We can now define our SageMaker Processing job for performing the transformations on our data, and ingesting the results into our Feature Group.

In [31]:
from sagemaker.spark.processing import PySparkProcessor

spark_processor = PySparkProcessor(
    base_job_name="delta-to-sagemaker-",
    framework_version="3.1",
    role=role,
    instance_count=1, #set to >1 for distributed processing
    instance_type="ml.m5.xlarge",
    max_runtime_in_seconds=1200,
)

We will now create our pre-processing script, including code for reading our Delta Table, performing transformations, and ingesting the resulting features into SageMaker Feature Store.

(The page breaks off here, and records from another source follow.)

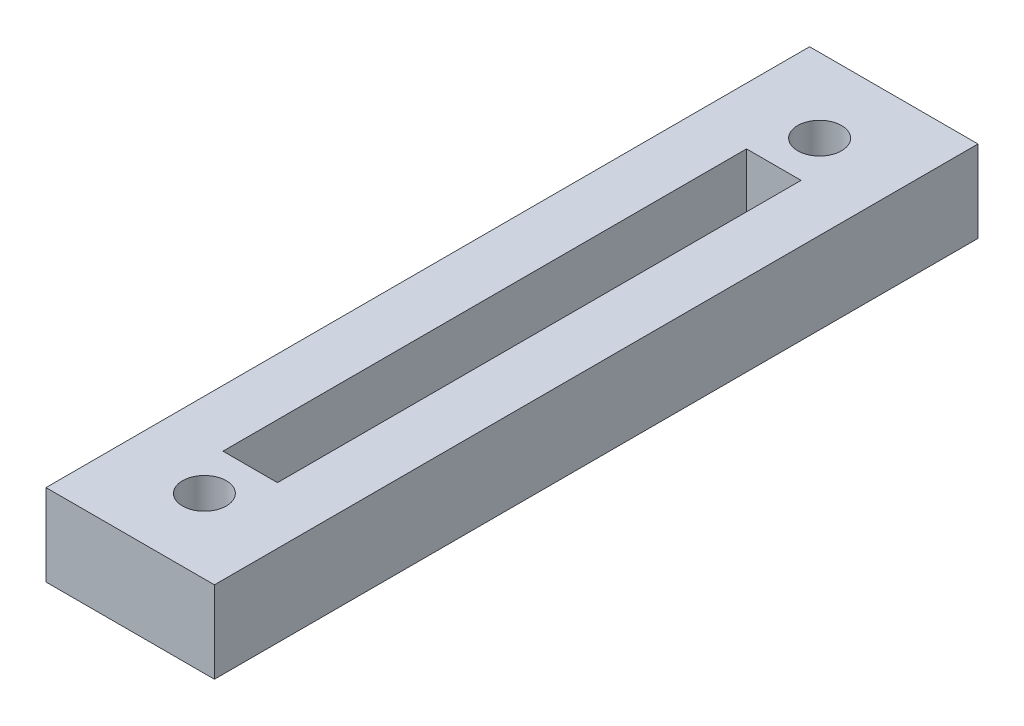
from build123d import *

# Parameters (mm, degrees)
SKETCH1_W                  = 19.6088
SKETCH1_H                  = 88.9
SKETCH1_R                  = 2.54
BOSS_EXTRUDE1_DEPTH        = 9.525
SKETCH2_W                  = 6.35
SKETCH2_H                  = 60.96
CUT_EXTRUDE1_DEPTH         = 6.477
F_10_32_TAPPED_HOLE4_D     = 5.1054
F_10_32_TAPPED_HOLE4_DEPTH = 16.51
F_10_32_TAPPED_HOLE4_TIP   = 1.533816902


with BuildPart() as part:
    # Sketch1 → Boss-Extrude1 (new body)
    with BuildSketch(Plane(origin=(0, 0, 0), x_dir=(1, 0, 0), z_dir=(0, 1, 0))):
        with Locations((9.8044, 44.45)):
            Rectangle(SKETCH1_W, SKETCH1_H)
        with Locations((9.8044, 80.264)):
            Circle(SKETCH1_R, mode=Mode.SUBTRACT)
        with Locations((9.8044, 8.636)):
            Circle(SKETCH1_R, mode=Mode.SUBTRACT)
    extrude(amount=BOSS_EXTRUDE1_DEPTH)

    # Sketch2 → Cut-Extrude1 (cut)
    with BuildSketch(Plane(origin=(0, 9.525, 0), x_dir=(1, 0, 0), z_dir=(0, 1, 0))):
        with Locations((9.8044, 44.45)):
            Rectangle(SKETCH2_W, SKETCH2_H)
    extrude(amount=-CUT_EXTRUDE1_DEPTH, mode=Mode.SUBTRACT)

    # #10-32 Tapped Hole4
    with Locations(Plane(origin=(0, 9.525, 0), x_dir=(1, 0, 0), z_dir=(0, 1, 0))):
        with Locations((9.8044, 80.264), (9.8044, 8.636)):
            Hole(F_10_32_TAPPED_HOLE4_D / 2, depth=F_10_32_TAPPED_HOLE4_DEPTH)
            with Locations((0, 0, -(F_10_32_TAPPED_HOLE4_DEPTH + F_10_32_TAPPED_HOLE4_TIP / 2))):  # 118° drill point
                Cone(0, F_10_32_TAPPED_HOLE4_D / 2, F_10_32_TAPPED_HOLE4_TIP, mode=Mode.SUBTRACT)


solid = part.part
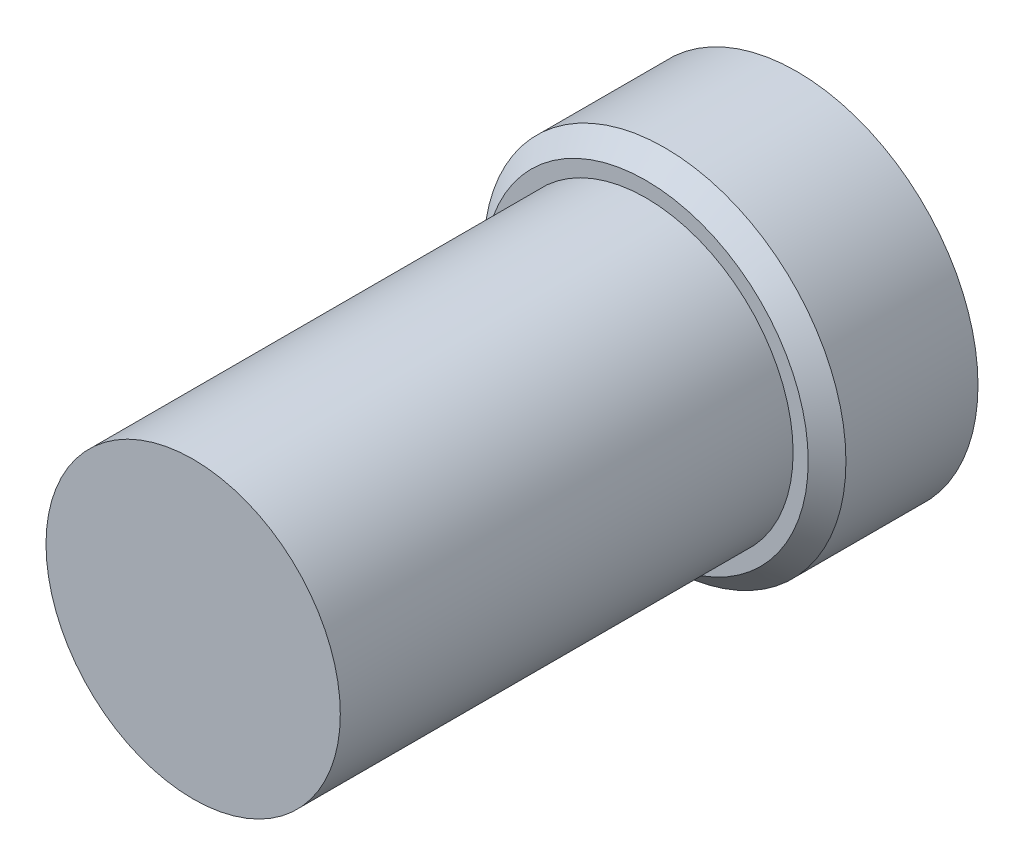
from build123d import *

# Parameters (mm, degrees)
SKETCH_1_R      = 2.4
EXTRUDE_1_DEPTH = 2
SKETCH_2_R      = 1.95
EXTRUDE_2_DEPTH = 6
CHAMFER_1_SIZE  = 0.25


with BuildPart() as part:
    # 草图1 → 拉伸1 (new body)
    with BuildSketch(Plane.XY):
        Circle(SKETCH_1_R)
    extrude(amount=EXTRUDE_1_DEPTH)

    # 草图2 → 拉伸2 (add)
    with BuildSketch(Plane.XY.offset(2)):
        Circle(SKETCH_2_R)
    extrude(amount=EXTRUDE_2_DEPTH)

    # 倒角1
    chamfer_1_edges = [part.edges().sort_by_distance(p)[0] for p in [
        (-2.4, 0, 2),
    ]]
    chamfer(chamfer_1_edges, length=CHAMFER_1_SIZE)


solid = part.part
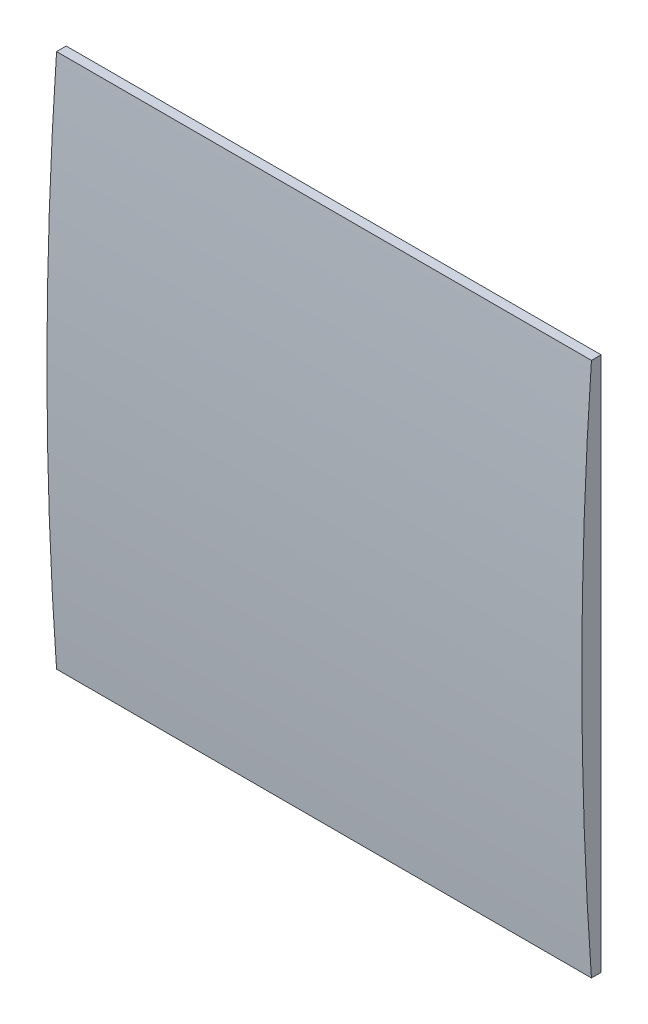
from build123d import *

# Parameters (mm, degrees)
BOSS_EXTRUDE7_DEPTH = 27.7


with BuildPart() as part:
    # Sketch14 → Boss-Extrude7 (new body)
    with BuildSketch(Plane(origin=(0, 0, 0), x_dir=(0, 0, -1), z_dir=(1, 0, 0))):
        with BuildLine():
            Line((-2.5, 27.7), (-2.5, 0))
            Line((-2.5, 0), (-3, 0))
            ThreePointArc((-3, 0), (-3.374959299, 6.920488834), (-3.5, 13.85))
            ThreePointArc((-3.5, 13.85), (-3.374959299, 20.779511166), (-3, 27.7))
            Line((-3, 27.7), (-2.5, 27.7))
        make_face()
    extrude(amount=BOSS_EXTRUDE7_DEPTH)


solid = part.part
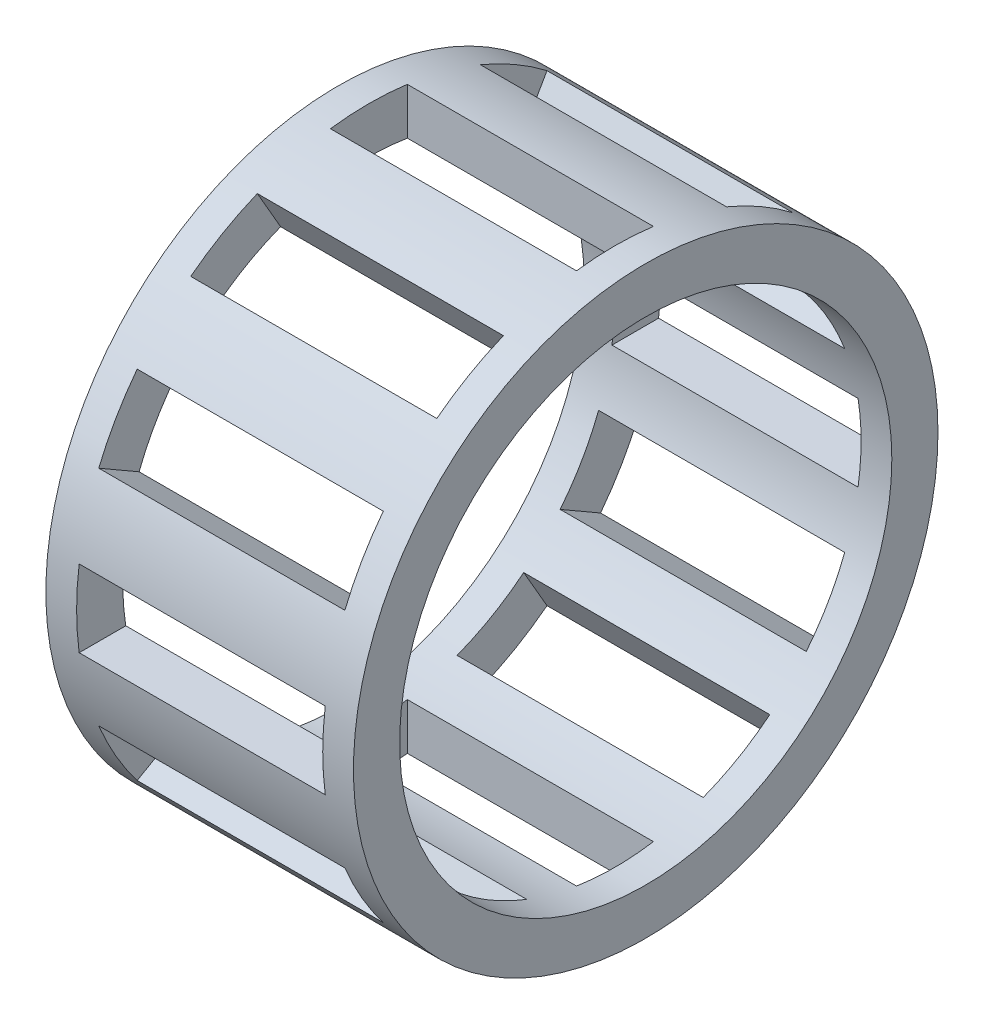
from build123d import *

# Parameters (mm, degrees)
ESQUISSE1_W                  = 10
ESQUISSE1_H                  = 1.5
ESQUISSE2_W                  = 8
ESQUISSE2_H                  = 2.5
ENL_V_MAT_EXTRU_1_DEPTH      = 15.335271187
R_P_TITION_CIRCULAIRE1_COUNT = 12


with BuildPart() as part:
    # Esquisse1 → Base-Révolution (revolve)
    with BuildSketch(Plane.XY):
        with Locations((0, 8.75)):
            Rectangle(ESQUISSE1_W, ESQUISSE1_H)
    revolve(axis=Axis((11.7, 0, 0), (-1, 0, 0)))

    # Esquisse2 → Enlèv. mat.-Extru.1 (cut, through all)
    with BuildSketch(Plane.XY):
        Rectangle(ESQUISSE2_W, ESQUISSE2_H)
    enl_v_mat_extru_1 = extrude(amount=-ENL_V_MAT_EXTRU_1_DEPTH, mode=Mode.SUBTRACT)

    # Répétition circulaire1: Enlèv. mat.-Extru.1 ×12 about axis
    r_p_tition_circulaire1_axis = Axis((-50, 0, 0), (1, 0, 0))
    for i in range(1, R_P_TITION_CIRCULAIRE1_COUNT):
        add(enl_v_mat_extru_1.rotate(r_p_tition_circulaire1_axis, i * 360 / R_P_TITION_CIRCULAIRE1_COUNT), mode=Mode.SUBTRACT)


solid = part.part
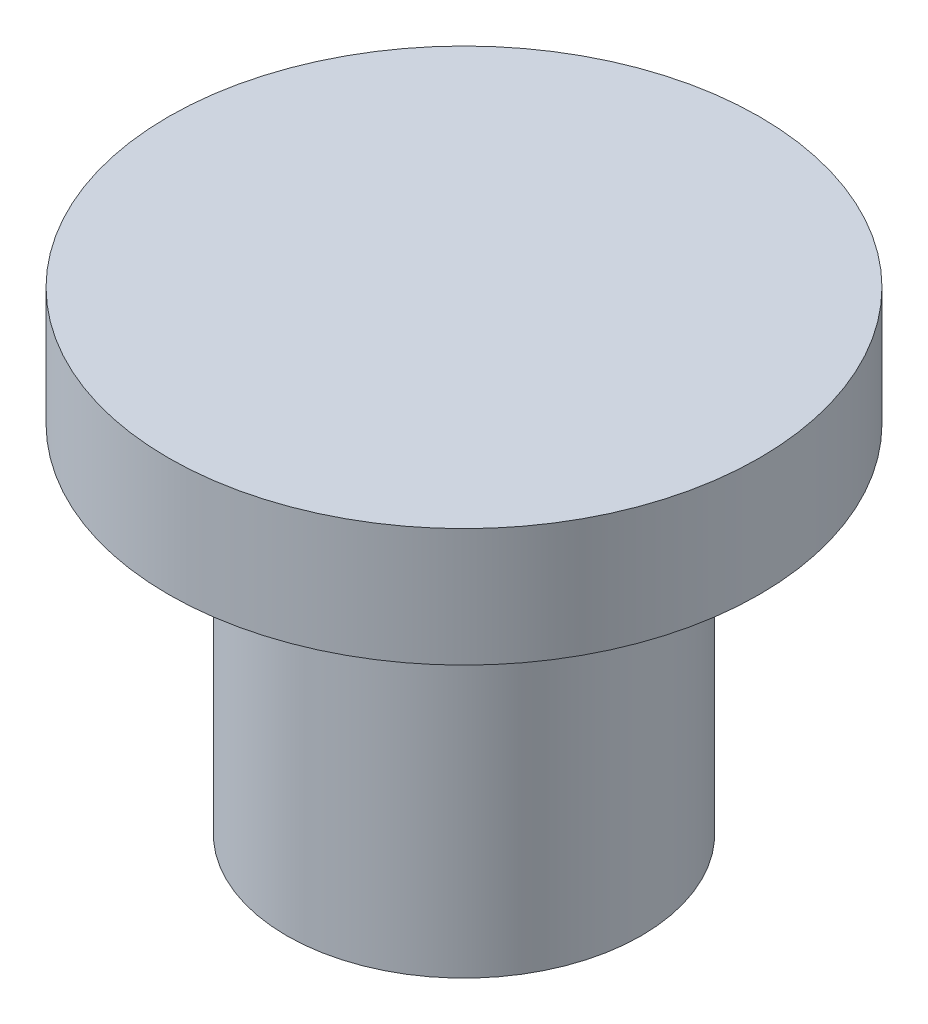
from build123d import *


with BuildPart() as part:
    # Эскиз1 → Повернуть1 (revolve)
    with BuildSketch(Plane.XY):
        Polygon((-5, 8), (-5, 6), (-3, 6), (-3, 0), (0, 0), (0, 8), align=None)
    revolve(axis=Axis((0, 14.588041347, 0), (0, -1, 0)))


solid = part.part

Note in our example we are just including some simple transformations recommended by Data Wrangler on our dataset, but you can replace those with your own transformations if you want to customize this example.

In [32]:
%%writefile ./code/preprocessing.py
import argparse
import csv
import os
import shutil
import sys
import time
import boto3
import pandas as pd
from decimal import Decimal

# Import pyspark and build Spark session
from pyspark import SparkContext, SparkConf
from pyspark.sql import SparkSession, SQLContext
from feature_store_manager import FeatureStoreManager

def ingest_to_feature_store(df, feature_group):
    # Ingest data to Feature Store using the Feature Store Manager...
    print(f"Ingesting processed features into Feature Group {feature_group}...")
    feature_store_manager = FeatureStoreManager()
    feature_store_manager.ingest_data(
        input_data_frame=df,
        feature_group_arn=f'{feature_group}',
        target_stores=['OfflineStore', 'OnlineStore']
    )

def main():
    parser = argparse.ArgumentParser(description="app inputs and outputs")
    parser.add_argument("--region", type=str, help="AWS region")
    parser.add_argument("--table", type=str, help="Delta Table URL")
    parser.add_argument("--feature-group", type=str, help="Name of the Feature Group")
    args = parser.parse_args()

    # Instantiate Spark via builder
    # Note: we use the `ContainerCredentialsProvider` to give us access to underlying IAM role permissions
    spark = (SparkSession
        .builder
        .appName("PySparkApp") 
        .config("spark.sql.extensions", "io.delta.sql.DeltaSparkSessionExtension") 
        .config("spark.sql.catalog.spark_catalog", "org.apache.spark.sql.delta.catalog.DeltaCatalog") 
        .config("fs.s3a.aws.credentials.provider",'com.amazonaws.auth.ContainerCredentialsProvider') 
        .getOrCreate())

    sc = spark.sparkContext
    print('Spark version: '+str(sc.version))
    
    s3a_delta_table_uri=args.table
    print(s3a_delta_table_uri)

    # Create SQL command inserting the S3 path location
    sql_cmd = f'SELECT * FROM delta.`{s3a_delta_table_uri}` ORDER BY timestamp'
    print(f'SQL command: {sql_cmd}')

    # Execute SQL command which returns dataframe
    sql_results = spark.sql(sql_cmd)
    print(type(sql_results))

    # ----------------
    # Transformations - Pandas code generated by sagemaker_datawrangler:
    processed_features = sql_results.toPandas().copy(deep=True)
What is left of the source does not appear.